_Problem details_
In the listing that follows, give every line again exactly and omit the pictures.

_Extracted data_
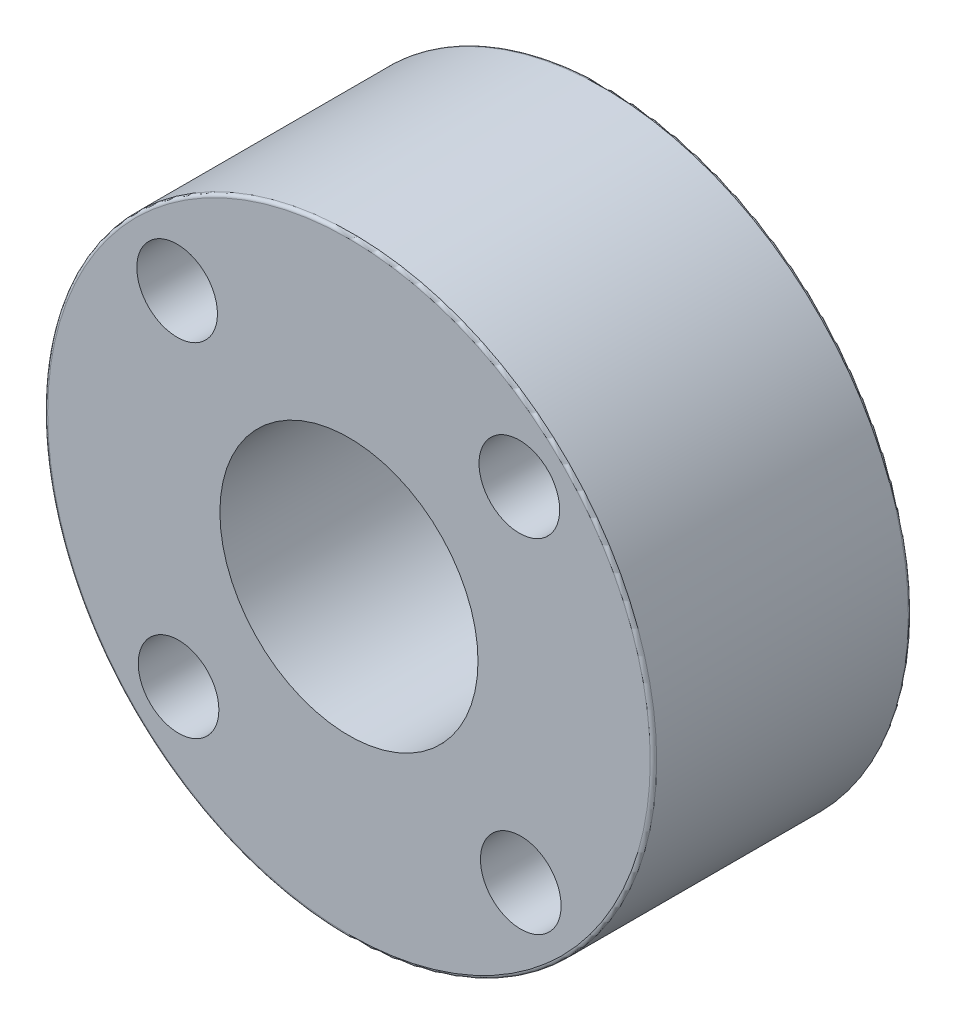
from build123d import *

# Parameters (mm, degrees)
SKETCH_1_R      = 9.43812854
SKETCH_1_R_2    = 4
SKETCH_1_R_3    = 1.25
EXTRUDE_1_DEPTH = 8
FILLET_1_R      = 0.1


with BuildPart() as part:
    # Эскиз1 → Бобышка-Вытянуть1 (new body)
    with BuildSketch(Plane.XY):
        Circle(SKETCH_1_R)
        Circle(SKETCH_1_R_2, mode=Mode.SUBTRACT)
        with Locations((-5.325171984, 5.281339162)):
            Circle(SKETCH_1_R_3, mode=Mode.SUBTRACT)
        with Locations((-5.281339162, -5.325171984)):
            Circle(SKETCH_1_R_3, mode=Mode.SUBTRACT)
        with Locations((5.325171984, -5.281339162)):
            Circle(SKETCH_1_R_3, mode=Mode.SUBTRACT)
        with Locations((5.281339162, 5.325171984)):
            Circle(SKETCH_1_R_3, mode=Mode.SUBTRACT)
    extrude(amount=EXTRUDE_1_DEPTH)

    # Скругление1
    fillet_1_edges = [part.edges().sort_by_distance(p)[0] for p in [
        (-9.43812854, 0, 0),
        (-9.43812854, 0, 8),
    ]]
    fillet(fillet_1_edges, radius=FILLET_1_R)


solid = part.part

_Final answer_
from build123d import *

# Parameters (mm, degrees)
SKETCH_1_R      = 9.43812854
SKETCH_1_R_2    = 4
SKETCH_1_R_3    = 1.25
EXTRUDE_1_DEPTH = 8
FILLET_1_R      = 0.1


with BuildPart() as part:
    # Эскиз1 → Бобышка-Вытянуть1 (new body)
    with BuildSketch(Plane.XY):
        Circle(SKETCH_1_R)
        Circle(SKETCH_1_R_2, mode=Mode.SUBTRACT)
        with Locations((-5.325171984, 5.281339162)):
            Circle(SKETCH_1_R_3, mode=Mode.SUBTRACT)
        with Locations((-5.281339162, -5.325171984)):
            Circle(SKETCH_1_R_3, mode=Mode.SUBTRACT)
        with Locations((5.325171984, -5.281339162)):
            Circle(SKETCH_1_R_3, mode=Mode.SUBTRACT)
        with Locations((5.281339162, 5.325171984)):
            Circle(SKETCH_1_R_3, mode=Mode.SUBTRACT)
    extrude(amount=EXTRUDE_1_DEPTH)

    # Скругление1
    fillet_1_edges = [part.edges().sort_by_distance(p)[0] for p in [
        (-9.43812854, 0, 0),
        (-9.43812854, 0, 8),
    ]]
    fillet(fillet_1_edges, radius=FILLET_1_R)


solid = part.part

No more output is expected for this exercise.